* **INSTRUCTIONS TO FOLLOW**: From the entries that follow, copy each line containing the word "body".

* **GIVEN RECORDS**:
--- START ---

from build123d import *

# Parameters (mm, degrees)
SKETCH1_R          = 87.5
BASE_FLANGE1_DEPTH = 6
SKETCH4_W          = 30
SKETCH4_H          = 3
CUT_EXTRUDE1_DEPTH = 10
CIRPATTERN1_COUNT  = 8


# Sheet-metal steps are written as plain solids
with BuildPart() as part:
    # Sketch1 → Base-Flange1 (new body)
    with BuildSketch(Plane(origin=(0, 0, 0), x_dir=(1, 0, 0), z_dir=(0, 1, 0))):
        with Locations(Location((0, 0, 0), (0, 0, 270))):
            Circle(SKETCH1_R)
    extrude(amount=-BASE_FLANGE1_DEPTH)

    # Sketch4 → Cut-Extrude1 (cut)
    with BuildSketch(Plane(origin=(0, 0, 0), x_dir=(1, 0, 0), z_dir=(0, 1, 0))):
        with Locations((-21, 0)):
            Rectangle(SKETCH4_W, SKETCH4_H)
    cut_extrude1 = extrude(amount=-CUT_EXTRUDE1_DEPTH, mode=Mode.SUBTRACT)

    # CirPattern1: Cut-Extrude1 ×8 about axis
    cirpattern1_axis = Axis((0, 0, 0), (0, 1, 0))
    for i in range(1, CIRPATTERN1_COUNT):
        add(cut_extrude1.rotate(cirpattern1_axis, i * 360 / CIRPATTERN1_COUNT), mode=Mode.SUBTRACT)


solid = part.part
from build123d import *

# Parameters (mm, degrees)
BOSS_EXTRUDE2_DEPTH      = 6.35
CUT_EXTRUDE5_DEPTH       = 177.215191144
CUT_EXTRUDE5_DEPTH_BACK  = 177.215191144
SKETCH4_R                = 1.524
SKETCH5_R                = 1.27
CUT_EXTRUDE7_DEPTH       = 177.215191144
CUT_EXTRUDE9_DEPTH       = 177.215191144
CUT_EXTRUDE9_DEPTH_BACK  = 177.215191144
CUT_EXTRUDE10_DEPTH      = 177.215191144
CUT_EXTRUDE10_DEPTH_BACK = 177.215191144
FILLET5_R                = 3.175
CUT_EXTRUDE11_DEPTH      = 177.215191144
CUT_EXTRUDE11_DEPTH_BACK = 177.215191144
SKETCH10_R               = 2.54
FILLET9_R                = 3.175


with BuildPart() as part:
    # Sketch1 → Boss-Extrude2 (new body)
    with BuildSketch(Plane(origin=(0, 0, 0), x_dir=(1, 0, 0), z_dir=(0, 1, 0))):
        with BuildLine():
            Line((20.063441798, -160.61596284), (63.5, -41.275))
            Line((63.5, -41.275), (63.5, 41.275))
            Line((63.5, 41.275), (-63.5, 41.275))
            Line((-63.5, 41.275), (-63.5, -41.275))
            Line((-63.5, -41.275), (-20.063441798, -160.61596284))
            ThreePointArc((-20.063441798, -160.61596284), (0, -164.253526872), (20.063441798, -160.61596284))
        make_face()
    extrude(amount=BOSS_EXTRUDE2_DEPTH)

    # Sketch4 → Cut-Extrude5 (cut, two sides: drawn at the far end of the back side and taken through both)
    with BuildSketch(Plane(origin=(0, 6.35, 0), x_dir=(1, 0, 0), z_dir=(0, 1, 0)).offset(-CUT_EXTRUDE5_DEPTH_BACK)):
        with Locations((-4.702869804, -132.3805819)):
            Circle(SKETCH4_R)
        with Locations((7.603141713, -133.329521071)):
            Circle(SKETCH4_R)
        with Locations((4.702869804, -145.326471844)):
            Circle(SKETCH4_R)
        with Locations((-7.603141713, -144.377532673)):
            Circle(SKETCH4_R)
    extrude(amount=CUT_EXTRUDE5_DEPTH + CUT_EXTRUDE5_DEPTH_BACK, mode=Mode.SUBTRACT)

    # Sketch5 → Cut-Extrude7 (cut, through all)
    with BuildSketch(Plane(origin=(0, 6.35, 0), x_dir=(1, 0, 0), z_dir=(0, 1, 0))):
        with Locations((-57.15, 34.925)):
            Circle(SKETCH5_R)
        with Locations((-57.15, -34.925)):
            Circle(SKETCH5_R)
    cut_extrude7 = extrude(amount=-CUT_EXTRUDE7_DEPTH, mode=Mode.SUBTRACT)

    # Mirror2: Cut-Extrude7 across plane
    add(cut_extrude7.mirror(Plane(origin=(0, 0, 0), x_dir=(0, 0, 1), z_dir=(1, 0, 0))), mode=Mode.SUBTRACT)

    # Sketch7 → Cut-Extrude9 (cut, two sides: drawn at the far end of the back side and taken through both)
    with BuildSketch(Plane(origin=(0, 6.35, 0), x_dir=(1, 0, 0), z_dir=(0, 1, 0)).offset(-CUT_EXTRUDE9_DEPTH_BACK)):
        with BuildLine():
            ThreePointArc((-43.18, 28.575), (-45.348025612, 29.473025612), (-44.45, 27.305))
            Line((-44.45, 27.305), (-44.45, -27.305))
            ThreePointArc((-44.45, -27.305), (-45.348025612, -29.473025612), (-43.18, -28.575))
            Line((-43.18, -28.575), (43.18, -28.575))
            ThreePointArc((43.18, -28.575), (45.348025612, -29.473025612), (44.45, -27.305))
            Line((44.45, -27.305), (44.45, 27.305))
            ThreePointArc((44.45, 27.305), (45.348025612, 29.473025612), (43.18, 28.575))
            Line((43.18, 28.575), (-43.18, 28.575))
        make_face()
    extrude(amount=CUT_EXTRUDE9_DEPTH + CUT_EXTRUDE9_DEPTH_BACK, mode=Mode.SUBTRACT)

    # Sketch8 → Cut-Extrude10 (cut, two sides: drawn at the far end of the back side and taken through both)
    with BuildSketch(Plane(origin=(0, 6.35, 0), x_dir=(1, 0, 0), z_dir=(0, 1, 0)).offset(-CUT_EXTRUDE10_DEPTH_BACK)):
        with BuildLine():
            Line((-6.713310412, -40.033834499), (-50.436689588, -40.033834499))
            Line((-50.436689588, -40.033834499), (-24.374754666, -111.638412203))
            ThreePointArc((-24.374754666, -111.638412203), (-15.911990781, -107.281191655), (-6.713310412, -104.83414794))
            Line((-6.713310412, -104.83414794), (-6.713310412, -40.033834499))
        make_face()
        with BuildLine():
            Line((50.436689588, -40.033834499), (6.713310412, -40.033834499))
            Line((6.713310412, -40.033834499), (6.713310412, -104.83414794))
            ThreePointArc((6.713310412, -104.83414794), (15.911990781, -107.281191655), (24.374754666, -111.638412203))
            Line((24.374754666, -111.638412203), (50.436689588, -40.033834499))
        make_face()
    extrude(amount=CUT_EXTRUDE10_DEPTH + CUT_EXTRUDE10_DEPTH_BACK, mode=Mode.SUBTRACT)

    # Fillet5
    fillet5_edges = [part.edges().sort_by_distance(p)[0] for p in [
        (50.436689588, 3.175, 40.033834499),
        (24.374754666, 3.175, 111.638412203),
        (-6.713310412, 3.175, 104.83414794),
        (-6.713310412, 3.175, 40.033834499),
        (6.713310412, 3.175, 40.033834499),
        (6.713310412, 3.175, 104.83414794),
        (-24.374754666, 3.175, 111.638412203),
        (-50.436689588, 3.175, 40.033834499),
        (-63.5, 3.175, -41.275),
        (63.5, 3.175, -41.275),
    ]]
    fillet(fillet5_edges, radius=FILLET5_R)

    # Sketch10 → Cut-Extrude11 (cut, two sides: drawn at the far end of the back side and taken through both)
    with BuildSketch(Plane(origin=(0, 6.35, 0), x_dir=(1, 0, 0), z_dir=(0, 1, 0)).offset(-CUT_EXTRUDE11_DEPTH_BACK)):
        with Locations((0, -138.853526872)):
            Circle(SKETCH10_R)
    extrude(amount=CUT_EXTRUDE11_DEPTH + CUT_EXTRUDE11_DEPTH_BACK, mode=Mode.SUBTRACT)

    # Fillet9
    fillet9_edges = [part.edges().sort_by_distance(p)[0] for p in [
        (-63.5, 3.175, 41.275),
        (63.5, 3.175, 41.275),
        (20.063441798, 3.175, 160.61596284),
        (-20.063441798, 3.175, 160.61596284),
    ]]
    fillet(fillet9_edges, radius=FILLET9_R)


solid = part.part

--- END ---

* **RESULT FOR THIS EXERCISE**:
    # Sketch1 → Base-Flange1 (new body)
    # Sketch1 → Boss-Extrude2 (new body)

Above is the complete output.